Google announced an updated version of Google Cardboard last week, allowing the low-cost virtual reality headset to work with larger sized smartphones. It is also easier to put together, and is now compatible with iOS devices.
Android users have had a full year with the do-it-yourself VR kit. But, if you are wondering how the experience fairs on the iPhone, read on.
Just as Google announced, the pre-made cardboard kit is very easy to put together. All you have to do is flip over the viewer shade and then place your device in the designated area. Google added a rubber band to the setup, right were your smartphone sits, so it doesn’t slide around.
Although Cardboard has been updated for larger screen devices, it still works with four-inch screens just fine. So, if you are still using iPhone 5, you’ll be able to use the headset.
You can download the Google Cardboard iOS app to get a basic idea of how the device works. You will have to pair your iPhone with the headset to use the app. Once connected, place your iPhone into the headset and follow on-screen instructions.
There is a conductive button at the top that, when pressed, will tap a specific spot on the screen that is used to help control certain apps.
The app includes four demo virtual reality scenes to give you an idea of how it works. You can visit a number of museums to get a closer look at such things as T-Rex bones, the Space Shuttle Endeavor, and images of Mars from NASA’s Mars Spirit Rover. Get a 3-D look at artifacts in the Exhibit section. Turn on the Kaleidoscope to go on a trip through shapes and colors. You can also go on an urban hike through the streets of Paris or Tokyo.
You don’t have to use the Google Cardboard app for iOS, though. There are already a number of stereoscopic apps available in the App Store. Most of them are not necessarily designed specifically for Cardboard, but the ones I tested work perfectly with the headset.
Google also added a YouTube channel to showcase 360-degree videos. These clips are compatible with virtual reality headset, and Google even has a group of videos that are ideal for viewing with Cardboard
I look forward to developers updating their android apps for iOS. There are some amazing VR apps in the Google Play store made specially to work with Cardboard. It would be great to see them on iOS, as well.
Using the iPhone 5S with Google Cardboard, I noticed that none of the images were particularly clear. They weren’t unwatchable, but everything had a slight blur to it, making my viewing experience slightly uncomfortable. It hurt my eyes after a few minutes, and when I removed the headset from my eyes, I experienced a strange sensation of blurred vision for about 30 seconds.
I don’t own a device with a larger sized screen, so I can’t say whether users would experience something similar on their smartphones. However, TechCrunch notes that the app works smoothly with the iPhone 6 (the best experience the reviewer has had with Cardboard thus far).

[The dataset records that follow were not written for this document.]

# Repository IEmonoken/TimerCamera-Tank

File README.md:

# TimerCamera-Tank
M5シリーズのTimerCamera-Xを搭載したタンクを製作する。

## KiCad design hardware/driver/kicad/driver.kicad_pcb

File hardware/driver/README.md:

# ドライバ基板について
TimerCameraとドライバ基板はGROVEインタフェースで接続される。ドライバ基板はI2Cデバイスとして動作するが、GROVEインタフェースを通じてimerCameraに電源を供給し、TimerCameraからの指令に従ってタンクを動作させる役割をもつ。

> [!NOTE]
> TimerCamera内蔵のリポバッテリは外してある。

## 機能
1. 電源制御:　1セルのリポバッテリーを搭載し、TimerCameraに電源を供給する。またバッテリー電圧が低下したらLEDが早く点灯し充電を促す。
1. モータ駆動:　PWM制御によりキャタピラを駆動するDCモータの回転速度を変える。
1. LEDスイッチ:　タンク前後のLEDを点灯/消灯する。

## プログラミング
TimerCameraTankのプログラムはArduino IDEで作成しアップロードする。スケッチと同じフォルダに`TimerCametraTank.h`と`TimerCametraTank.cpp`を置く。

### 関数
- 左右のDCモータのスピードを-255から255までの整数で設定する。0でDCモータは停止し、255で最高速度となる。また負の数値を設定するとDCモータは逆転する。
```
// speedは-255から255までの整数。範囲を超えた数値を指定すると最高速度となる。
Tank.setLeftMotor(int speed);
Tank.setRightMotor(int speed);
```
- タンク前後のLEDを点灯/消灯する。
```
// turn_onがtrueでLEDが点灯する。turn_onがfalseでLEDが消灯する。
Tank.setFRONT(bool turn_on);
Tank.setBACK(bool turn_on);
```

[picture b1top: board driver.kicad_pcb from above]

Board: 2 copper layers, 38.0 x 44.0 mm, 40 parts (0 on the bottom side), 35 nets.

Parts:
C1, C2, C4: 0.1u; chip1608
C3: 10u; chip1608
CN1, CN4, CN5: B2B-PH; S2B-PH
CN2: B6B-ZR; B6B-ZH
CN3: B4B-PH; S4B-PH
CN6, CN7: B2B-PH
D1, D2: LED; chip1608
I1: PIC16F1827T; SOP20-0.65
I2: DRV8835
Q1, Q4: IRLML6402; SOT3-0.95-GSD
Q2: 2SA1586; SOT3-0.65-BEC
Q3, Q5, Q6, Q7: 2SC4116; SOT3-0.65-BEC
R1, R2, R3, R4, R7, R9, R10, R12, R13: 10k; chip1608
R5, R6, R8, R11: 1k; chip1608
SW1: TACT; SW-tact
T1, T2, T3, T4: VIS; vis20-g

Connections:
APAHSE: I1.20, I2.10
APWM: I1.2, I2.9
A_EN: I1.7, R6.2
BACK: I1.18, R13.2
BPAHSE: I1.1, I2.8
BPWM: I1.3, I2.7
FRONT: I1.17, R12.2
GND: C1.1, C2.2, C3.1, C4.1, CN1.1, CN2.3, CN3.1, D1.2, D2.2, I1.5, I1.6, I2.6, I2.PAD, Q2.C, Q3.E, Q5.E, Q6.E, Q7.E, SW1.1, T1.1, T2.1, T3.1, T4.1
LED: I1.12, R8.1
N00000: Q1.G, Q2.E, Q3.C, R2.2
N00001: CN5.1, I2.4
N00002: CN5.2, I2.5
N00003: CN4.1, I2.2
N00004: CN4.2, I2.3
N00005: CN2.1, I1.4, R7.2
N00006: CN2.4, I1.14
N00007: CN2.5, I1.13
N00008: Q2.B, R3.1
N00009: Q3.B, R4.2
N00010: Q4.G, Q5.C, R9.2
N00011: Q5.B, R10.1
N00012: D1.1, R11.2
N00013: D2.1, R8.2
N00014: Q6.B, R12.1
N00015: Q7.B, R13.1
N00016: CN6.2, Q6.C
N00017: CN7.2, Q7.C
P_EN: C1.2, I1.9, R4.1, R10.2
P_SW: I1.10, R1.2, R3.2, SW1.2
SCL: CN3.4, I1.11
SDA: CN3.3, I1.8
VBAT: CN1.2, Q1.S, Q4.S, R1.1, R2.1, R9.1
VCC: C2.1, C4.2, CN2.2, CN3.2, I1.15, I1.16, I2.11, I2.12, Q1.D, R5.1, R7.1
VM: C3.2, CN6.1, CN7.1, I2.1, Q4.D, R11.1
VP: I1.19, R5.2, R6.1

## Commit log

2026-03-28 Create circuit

So, if you are looking to invest in the approximately $20 virtual reality headset, I’d think twice if your screen size is smaller than five inches. The experience is fun, but the blurry imagery makes it difficult to spend more than a few minutes at a time immersed in the 3-D world.
I am wondering how to watch the YouTube videos with the cardboard. They are 360 degrees but not 3d, which means that they are unwatchable with the cardboard, since it requires a SBS 3D image. Or am I mistaken?
Having got a Cardboard at Google I/O Extended at the Cambridge offices, I can attest its worth getting and trying if you have an iPhone 6. It fits and works perfectly. The demos are fun and there is additional content available too. The version I have has a washer on the left hand side that works for item selection. The resolution is decent enough to make things realistic and not a gaiting issue for me.
Image is blurry because iPhones have bad screens for VR (low resolution). Only iPhone 6 Plus has FullHD resolution but it is still only 401 ppi because of huge screen. FullHD is minimum for VR. For great experience 2k OLED screen. When it comes to VR, screen resolution is never enough.
I very much doubt the resolution is too low — these are very high resolution screens we’re talking about. The fact that Lory was having trouble focusing after removing the headset indicates she was having to strain to focus on the screen, and probably not quite managing it.